Ebrahimi Mohammadreza, Chai Yidong, Zhang Hao Helen, Chen Hsinchun
IEEE Trans Pattern Anal Mach Intell. 2023 Feb;45(2):1862-1875. doi: 10.1109/TPAMI.2022.3163338. Epub 2023 Jan 6.
Learning predictive models in new domains with scarce training data is a growing challenge in modern supervised learning scenarios. This incentivizes developing domain adaptation methods that leverage the knowledge in known domains (source) and adapt to new domains (target) with a different probability distribution. This becomes more challenging when the source and target domains are in heterogeneous feature spaces, known as heterogeneous domain adaptation (HDA). While most HDA methods utilize mathematical optimization to map source and target data to a common space, they suffer from low transferability. Neural representations have proven to be more transferable; however, they are mainly designed for homogeneous environments. Drawing on the theory of domain adaptation, we propose a novel framework, Heterogeneous Adversarial Neural Domain Adaptation (HANDA), to effectively maximize the transferability in heterogeneous environments. HANDA conducts feature and distribution alignment in a unified neural network architecture and achieves domain invariance through adversarial kernel learning. Three experiments were conducted to evaluate the performance against the state-of-the-art HDA methods on major image and text e-commerce benchmarks. HANDA shows statistically significant improvement in predictive performance. The practical utility of HANDA was shown in real-world dark web online markets. HANDA is an important step towards successful domain adaptation in e-commerce applications.
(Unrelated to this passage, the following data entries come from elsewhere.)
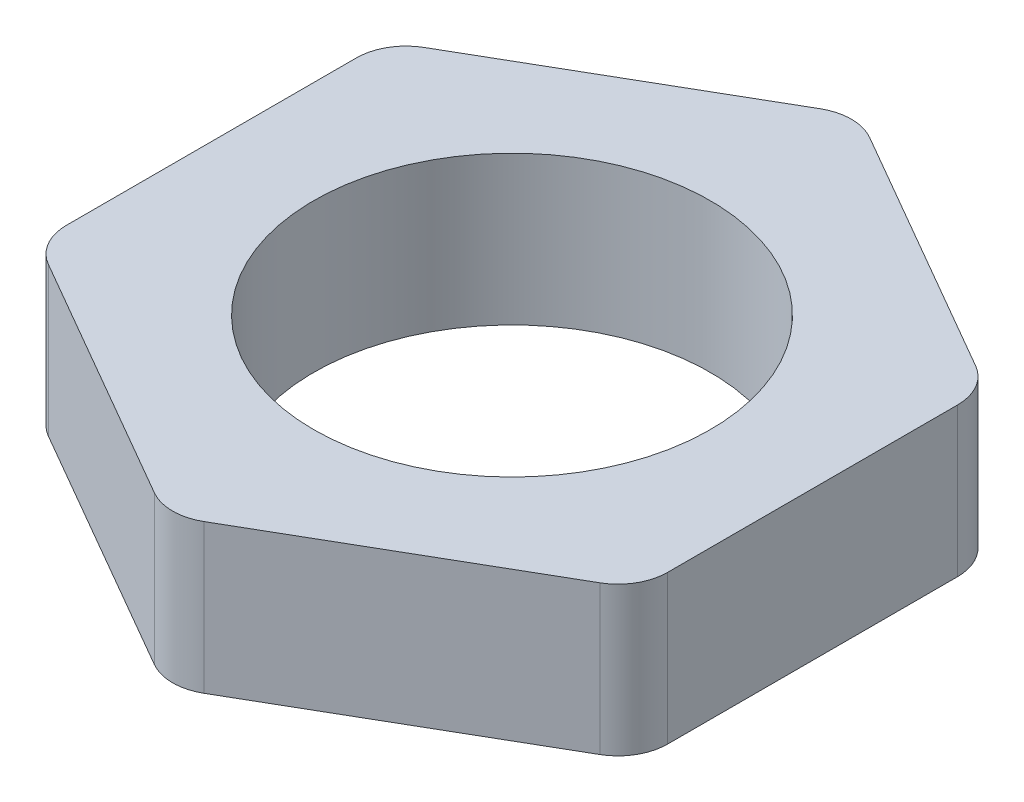
ISO-10303-21;
HEADER;
FILE_DESCRIPTION(('STEP AP214'),'2;1');
FILE_NAME('part.step','',(''),(''),'','','');
FILE_SCHEMA(('AUTOMOTIVE_DESIGN { 1 0 10303 214 1 1 1 1 }'));
ENDSEC;
DATA;
#1=APPLICATION_CONTEXT('core data for automotive mechanical design processes');
#2=APPLICATION_PROTOCOL_DEFINITION('international standard','automotive_design',2000,#1);
#3=PRODUCT_CONTEXT('',#1,'mechanical');
#4=PRODUCT('Part','Part','',(#3));
#5=PRODUCT_RELATED_PRODUCT_CATEGORY('part','',(#4));
#6=PRODUCT_DEFINITION_FORMATION('','',#4);
#7=PRODUCT_DEFINITION_CONTEXT('part definition',#1,'design');
#8=PRODUCT_DEFINITION('design','',#6,#7);
#9=PRODUCT_DEFINITION_SHAPE('','',#8);
#10=(LENGTH_UNIT() NAMED_UNIT(*) SI_UNIT(.MILLI.,.METRE.));
#11=(NAMED_UNIT(*) PLANE_ANGLE_UNIT() SI_UNIT($,.RADIAN.));
#12=(NAMED_UNIT(*) SI_UNIT($,.STERADIAN.) SOLID_ANGLE_UNIT());
#13=UNCERTAINTY_MEASURE_WITH_UNIT(LENGTH_MEASURE(1.E-05),#10,'distance_accuracy_value','');
#14=(GEOMETRIC_REPRESENTATION_CONTEXT(3) GLOBAL_UNCERTAINTY_ASSIGNED_CONTEXT((#13)) GLOBAL_UNIT_ASSIGNED_CONTEXT((#10,
#11,#12)) REPRESENTATION_CONTEXT('',''));
#15=CARTESIAN_POINT('',(0.,0.,0.));
#16=DIRECTION('',(0.,0.,1.));
#17=DIRECTION('',(1.,0.,0.));
#18=AXIS2_PLACEMENT_3D('',#15,#16,#17);
#19=CARTESIAN_POINT('',(-5.06217782649107,1.5,-2.92264973081037));
#20=DIRECTION('',(0.,1.,0.));
#21=DIRECTION('',(0.,0.,1.));
#22=AXIS2_PLACEMENT_3D('',#19,#20,#21);
#23=PLANE('',#22);
#24=CARTESIAN_POINT('',(-5.06217782649107,1.5,-2.92264973081037));
#25=DIRECTION('',(0.,1.,0.));
#26=DIRECTION('',(0.,0.,1.));
#27=AXIS2_PLACEMENT_3D('',#24,#25,#26);
#28=CIRCLE('',#27,1.);
#29=CARTESIAN_POINT('',(-5.56217782649107,1.5,-3.78867513459481));
#30=VERTEX_POINT('',#29);
#31=CARTESIAN_POINT('',(-6.06217782649107,1.5,-2.92264973081037));
#32=VERTEX_POINT('',#31);
#33=EDGE_CURVE('E189',#30,#32,#28,.T.);
#34=ORIENTED_EDGE('',*,*,#33,.T.);
#35=DIRECTION('',(0.,0.,1.));
#36=VECTOR('',#35,1.);
#37=CARTESIAN_POINT('',(-6.06217782649107,1.5,-2.92264973081037));
#38=LINE('',#37,#36);
#39=CARTESIAN_POINT('',(-6.06217782649107,1.5,2.92264973081037));
#40=VERTEX_POINT('',#39);
#41=EDGE_CURVE('E117',#32,#40,#38,.T.);
#42=ORIENTED_EDGE('',*,*,#41,.T.);
#43=CARTESIAN_POINT('',(-5.06217782649107,1.5,2.92264973081038));
#44=DIRECTION('',(0.,1.,0.));
#45=DIRECTION('',(0.,0.,1.));
#46=AXIS2_PLACEMENT_3D('',#43,#44,#45);
#47=CIRCLE('',#46,1.);
#48=CARTESIAN_POINT('',(-5.56217782649106,1.5,3.78867513459482));
#49=VERTEX_POINT('',#48);
#50=EDGE_CURVE('E216',#40,#49,#47,.T.);
#51=ORIENTED_EDGE('',*,*,#50,.T.);
#52=DIRECTION('',(0.866025403784439,0.,0.5));
#53=VECTOR('',#52,1.);
#54=CARTESIAN_POINT('',(-5.56217782649106,1.5,3.78867513459482));
#55=LINE('',#54,#53);
#56=CARTESIAN_POINT('',(-0.500000000000001,1.5,6.71132486540519));
#57=VERTEX_POINT('',#56);
#58=EDGE_CURVE('E235',#49,#57,#55,.T.);
#59=ORIENTED_EDGE('',*,*,#58,.T.);
#60=CARTESIAN_POINT('',(0.,1.5,5.84529946162075));
#61=DIRECTION('',(0.,1.,0.));
#62=DIRECTION('',(0.,0.,1.));
#63=AXIS2_PLACEMENT_3D('',#60,#61,#62);
#64=CIRCLE('',#63,1.);
#65=CARTESIAN_POINT('',(0.500000000000006,1.5,6.71132486540519));
#66=VERTEX_POINT('',#65);
#67=EDGE_CURVE('E232',#57,#66,#64,.T.);
#68=ORIENTED_EDGE('',*,*,#67,.T.);
#69=DIRECTION('',(0.866025403784439,0.,-0.5));
#70=VECTOR('',#69,1.);
#71=CARTESIAN_POINT('',(0.500000000000006,1.5,6.71132486540519));
#72=LINE('',#71,#70);
#73=CARTESIAN_POINT('',(5.56217782649107,1.5,3.78867513459482));
#74=VERTEX_POINT('',#73);
#75=EDGE_CURVE('E234',#66,#74,#72,.T.);
#76=ORIENTED_EDGE('',*,*,#75,.T.);
#77=CARTESIAN_POINT('',(5.06217782649107,1.5,2.92264973081038));
#78=DIRECTION('',(0.,1.,0.));
#79=DIRECTION('',(0.,0.,1.));
#80=AXIS2_PLACEMENT_3D('',#77,#78,#79);
#81=CIRCLE('',#80,1.);
#82=CARTESIAN_POINT('',(6.06217782649107,1.5,2.92264973081037));
#83=VERTEX_POINT('',#82);
#84=EDGE_CURVE('E237',#74,#83,#81,.T.);
#85=ORIENTED_EDGE('',*,*,#84,.T.);
#86=DIRECTION('',(0.,0.,-1.));
#87=VECTOR('',#86,1.);
#88=CARTESIAN_POINT('',(6.06217782649107,1.5,2.92264973081037));
#89=LINE('',#88,#87);
#90=CARTESIAN_POINT('',(6.06217782649107,1.5,-2.92264973081037));
#91=VERTEX_POINT('',#90);
#92=EDGE_CURVE('E243',#83,#91,#89,.T.);
#93=ORIENTED_EDGE('',*,*,#92,.T.);
#94=CARTESIAN_POINT('',(5.06217782649107,1.5,-2.92264973081038));
#95=DIRECTION('',(0.,1.,0.));
#96=DIRECTION('',(0.,0.,-1.));
#97=AXIS2_PLACEMENT_3D('',#94,#95,#96);
#98=CIRCLE('',#97,1.);
#99=CARTESIAN_POINT('',(5.56217782649106,1.5,-3.78867513459482));
#100=VERTEX_POINT('',#99);
#101=EDGE_CURVE('E148',#91,#100,#98,.T.);
#102=ORIENTED_EDGE('',*,*,#101,.T.);
#103=DIRECTION('',(-0.866025403784439,0.,-0.5));
#104=VECTOR('',#103,1.);
#105=CARTESIAN_POINT('',(5.56217782649106,1.5,-3.78867513459482));
#106=LINE('',#105,#104);
#107=CARTESIAN_POINT('',(0.500000000000004,1.5,-6.71132486540518));
#108=VERTEX_POINT('',#107);
#109=EDGE_CURVE('E142',#100,#108,#106,.T.);
#110=ORIENTED_EDGE('',*,*,#109,.T.);
#111=CARTESIAN_POINT('',(0.,1.5,-5.84529946162075));
#112=DIRECTION('',(0.,1.,0.));
#113=DIRECTION('',(0.,0.,1.));
#114=AXIS2_PLACEMENT_3D('',#111,#112,#113);
#115=CIRCLE('',#114,1.);
#116=CARTESIAN_POINT('',(-0.500000000000004,1.5,-6.71132486540518));
#117=VERTEX_POINT('',#116);
#118=EDGE_CURVE('E146',#108,#117,#115,.T.);
#119=ORIENTED_EDGE('',*,*,#118,.T.);
#120=DIRECTION('',(-0.866025403784439,0.,0.5));
#121=VECTOR('',#120,1.);
#122=CARTESIAN_POINT('',(-0.500000000000004,1.5,-6.71132486540518));
#123=LINE('',#122,#121);
#124=EDGE_CURVE('E62',#117,#30,#123,.T.);
#125=ORIENTED_EDGE('',*,*,#124,.T.);
#126=EDGE_LOOP('',(#34,#42,#51,#59,#68,#76,#85,#93,#102,#110,#119,#125));
#127=FACE_BOUND('',#126,.T.);
#128=CARTESIAN_POINT('',(0.,1.5,0.));
#129=DIRECTION('',(0.,1.,0.));
#130=DIRECTION('',(0.,0.,1.));
#131=AXIS2_PLACEMENT_3D('',#128,#129,#130);
#132=CIRCLE('',#131,4.);
#133=CARTESIAN_POINT('',(0.,1.5,4.));
#134=VERTEX_POINT('',#133);
#135=EDGE_CURVE('E170',#134,#134,#132,.T.);
#136=ORIENTED_EDGE('',*,*,#135,.F.);
#137=EDGE_LOOP('',(#136));
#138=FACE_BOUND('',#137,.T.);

在现代监督学习场景中,利用稀缺训练数据在新领域学习预测模型是一个日益严峻的挑战。这促使人们开发领域自适应方法,这些方法利用已知领域(源域)中的知识,并适应具有不同概率分布的新领域(目标域)。当源域和目标域处于异构特征空间时,这一挑战变得更加艰巨,这种情况被称为异构域自适应(HDA)。虽然大多数HDA方法利用数学优化将源域和目标域数据映射到一个公共空间,但它们的可迁移性较低。事实证明,神经表征具有更高的可迁移性;然而,它们主要是为同构环境设计的。借鉴域自适应理论,我们提出了一种新颖的框架——异构对抗神经域自适应(HANDA),以有效最大化异构环境中的可迁移性。HANDA在统一的神经网络架构中进行特征和分布对齐,并通过对抗核学习实现域不变性。我们进行了三项实验,以在主要的图像和文本电子商务基准上评估其相对于最先进的HDA方法的性能。HANDA在预测性能上显示出具有统计学意义的提升。HANDA在现实世界的暗网在线市场中展示了其实际效用。HANDA是电子商务应用中成功实现域自适应的重要一步。